To establish a violation of the General Duty Clause, OSHA must establish that: (1) an activity or condition in the employer’s workplace presented a hazard to an employee; (2) either the employer or the industry recognized the condition or activity as a hazard; (3) the hazard was likely to cause, or actually caused, death or serious physical harm; and (4) a feasible means to eliminate or materially reduce the hazard existed.
As it concerns the NFL and concussions, the first three elements are easily established. At this point it is well-established and recognized by the NFL that playing in the NFL can cause serious physical harm, including specifically concussions. The question has often been whether there was a feasible means to eliminate or materially reduce those risks without fundamentally changing the nature of the sport.
According to the NFL’s own press release, the Guardian Cap does exactly that. According to its website, Guardian Caps were created in 2010, though it is unclear when the product was sufficiently advanced for use by NFL clubs. Either way, they have been in use for several years now and had the NFL not expanded their usage, one could have reasonably questioned whether it was meeting its OSH Act obligations. Indeed, should the product and data continue to trend positively, it is possible that one day Guardian Caps will be mandatory for use in games.
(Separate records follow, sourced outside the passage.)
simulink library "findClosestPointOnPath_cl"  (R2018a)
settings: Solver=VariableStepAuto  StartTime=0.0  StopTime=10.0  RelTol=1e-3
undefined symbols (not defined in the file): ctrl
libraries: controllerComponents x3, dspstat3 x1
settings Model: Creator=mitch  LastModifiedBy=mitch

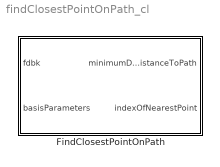
== system findClosestPointOnPath_cl ==
  FindClosestPointOnPath : Subsystem

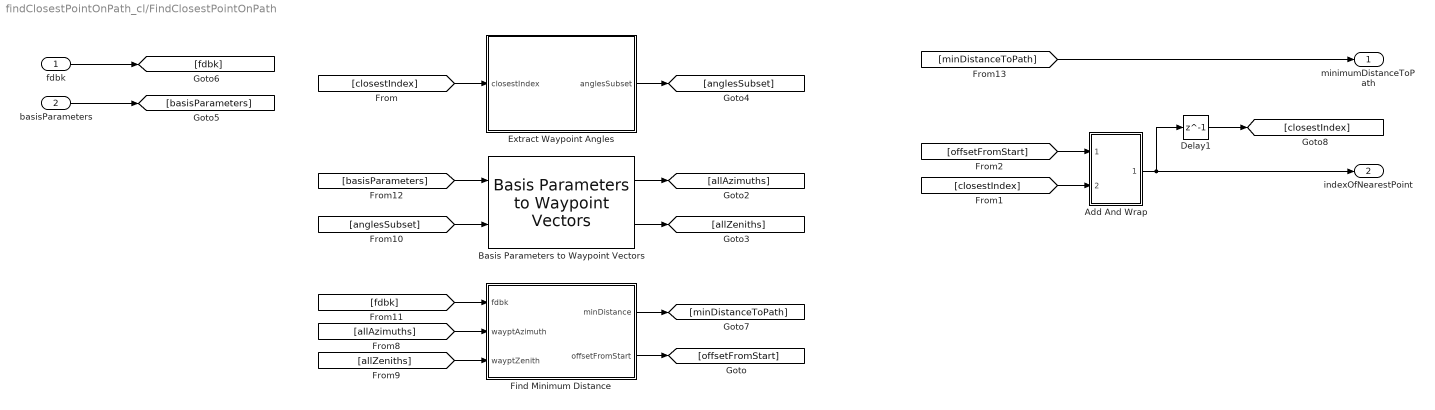
== system findClosestPointOnPath_cl/FindClosestPointOnPath ==
  fdbk : Inport
  basisParameters : Inport  Port=2
  Add And Wrap : Subsystem
  Basis Parameters to Waypoint Vectors : controllerComponents/Basis Parameters to Waypoint Vectors
  Delay1 : Delay  DelayLength=1  InitialCondition=1
  Extract Waypoint Angles : Subsystem
  Find Minimum Distance : Subsystem
  minimumDistanceToPath : Outport
  indexOfNearestPoint : Outport  Port=2
  wires:
  [closestIndex] -> Extract Waypoint Angles/1(closestIndex)
  Basis Parameters to Waypoint Vectors/2 -> [allZeniths]
  Basis Parameters to Waypoint Vectors/1 -> [allAzimuths]
  Extract Waypoint Angles/1(anglesSubset) -> [anglesSubset]
  [anglesSubset] -> Basis Parameters to Waypoint Vectors/2
  basisParameters/1 -> [basisParameters]
  fdbk/1 -> [fdbk]
  [basisParameters] -> Basis Parameters to Waypoint Vectors/1
  [minDistanceToPath] -> minimumDistanceToPath/1
  [fdbk] -> Find Minimum Distance/1(fdbk)
  [allAzimuths] -> Find Minimum Distance/2(wayptAzimuth)
  [allZeniths] -> Find Minimum Distance/3(wayptZenith)
  Find Minimum Distance/1(minDistance) -> [minDistanceToPath]
  Find Minimum Distance/2(offsetFromStart) -> [offsetFromStart]
  [offsetFromStart] -> Add And Wrap/1(offset)
  [closestIndex] -> Add And Wrap/2(startIndex)
  Add And Wrap/1(Out1) -> Delay1/1, indexOfNearestPoint/1
  Delay1/1 -> [closestIndex]

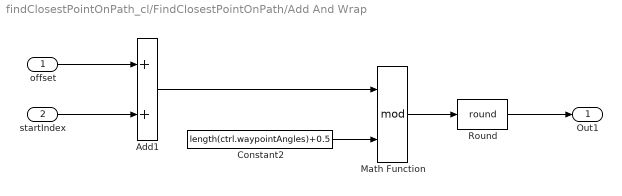
== system findClosestPointOnPath_cl/FindClosestPointOnPath/Add And Wrap ==
  offset : Inport
  startIndex : Inport  Port=2
  Add1 : Sum
  Constant2 : Constant  Value=length(ctrl.waypointAngles)+0.5  SampleTime=-1
  Math Function : Math  Operator=mod  SaturateOnIntegerOverflow=on
  Round : Rounding  Operator=round
  Out1 : Outport
  wires:
  offset/1 -> Add1/1
  startIndex/1 -> Add1/2
  Add1/1 -> Math Function/1
  Constant2/1 -> Math Function/2
  Math Function/1 -> Round/1
  Round/1 -> Out1/1

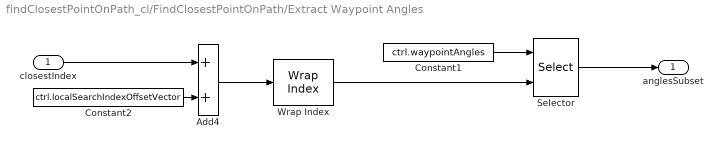
== system findClosestPointOnPath_cl/FindClosestPointOnPath/Extract Waypoint Angles ==
  closestIndex : Inport
  Add4 : Sum
  Constant1 : Constant  Value=ctrl.waypointAngles  SampleTime=-1
  Constant2 : Constant  Value=ctrl.localSearchIndexOffsetVector  SampleTime=-1
  Selector : Selector  InputPortWidth=length(ctrl.waypointAngles)  IndexOptions=Index vector (port)  Indices=[1 3]  OutputSizes=1
  Wrap Index : controllerComponents/Wrap Index
  anglesSubset : Outport
  wires:
  Selector/1 -> anglesSubset/1
  Wrap Index/1 -> Selector/2
  Add4/1 -> Wrap Index/1
  Constant2/1 -> Add4/2
  Constant1/1 -> Selector/1
  closestIndex/1 -> Add4/1

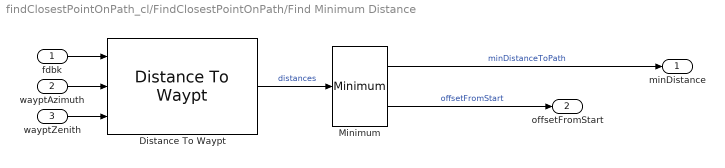
== system findClosestPointOnPath_cl/FindClosestPointOnPath/Find Minimum Distance ==
  fdbk : Inport
  wayptAzimuth : Inport  Port=2
  wayptZenith : Inport  Port=3
  Distance To Waypt : controllerComponents/Distance To Waypt
  Minimum : dspstat3/Minimum  operation=minimum  fcn=Value and Index  indexBase=Zero  operateOver=Entire input  Dimension=1  InputProcessing=Columns as channels (frame based)  reset=None  roiEnable=off  roiType=Rectangles  roiPortion=Entire ROI  roiOutput=Individual statistics for each ROI  roiFlag=off  roundingMode=Floor  overflowMode=off
      settings: SourceProductName=DSP System Toolbox  SourceProductBaseCode=DS
  minDistance : Outport
  offsetFromStart : Outport  Port=2
  wires:
  Distance To Waypt/1 -> Minimum/1  "distances"
  wayptAzimuth/1 -> Distance To Waypt/2
  Minimum/1 -> minDistance/1  "minDistanceToPath"
  wayptZenith/1 -> Distance To Waypt/3
  fdbk/1 -> Distance To Waypt/1
  Minimum/2 -> offsetFromStart/1  "offsetFromStart"

[1] See Adam M. Finkel, Christopher R. Deubert, Orly Lobel, I. Glenn Cohen, and Holly Fernandez Lynch, The NFL as a Workplace: The Prospect of Applying Occupational Health and Safety Laws to Protect NFL Workers, 60 ARIZ. L. REV. 291 (2018).
[2] See Christopher R. Deubert and Aaron Caputo, Improving the Game: The Football Players Health Study at Harvard University and the 2020 NFL-NFLPA Collective Bargaining Agreement, 12 HARVARD J. SPORTS & ENT. L. 73 (2021).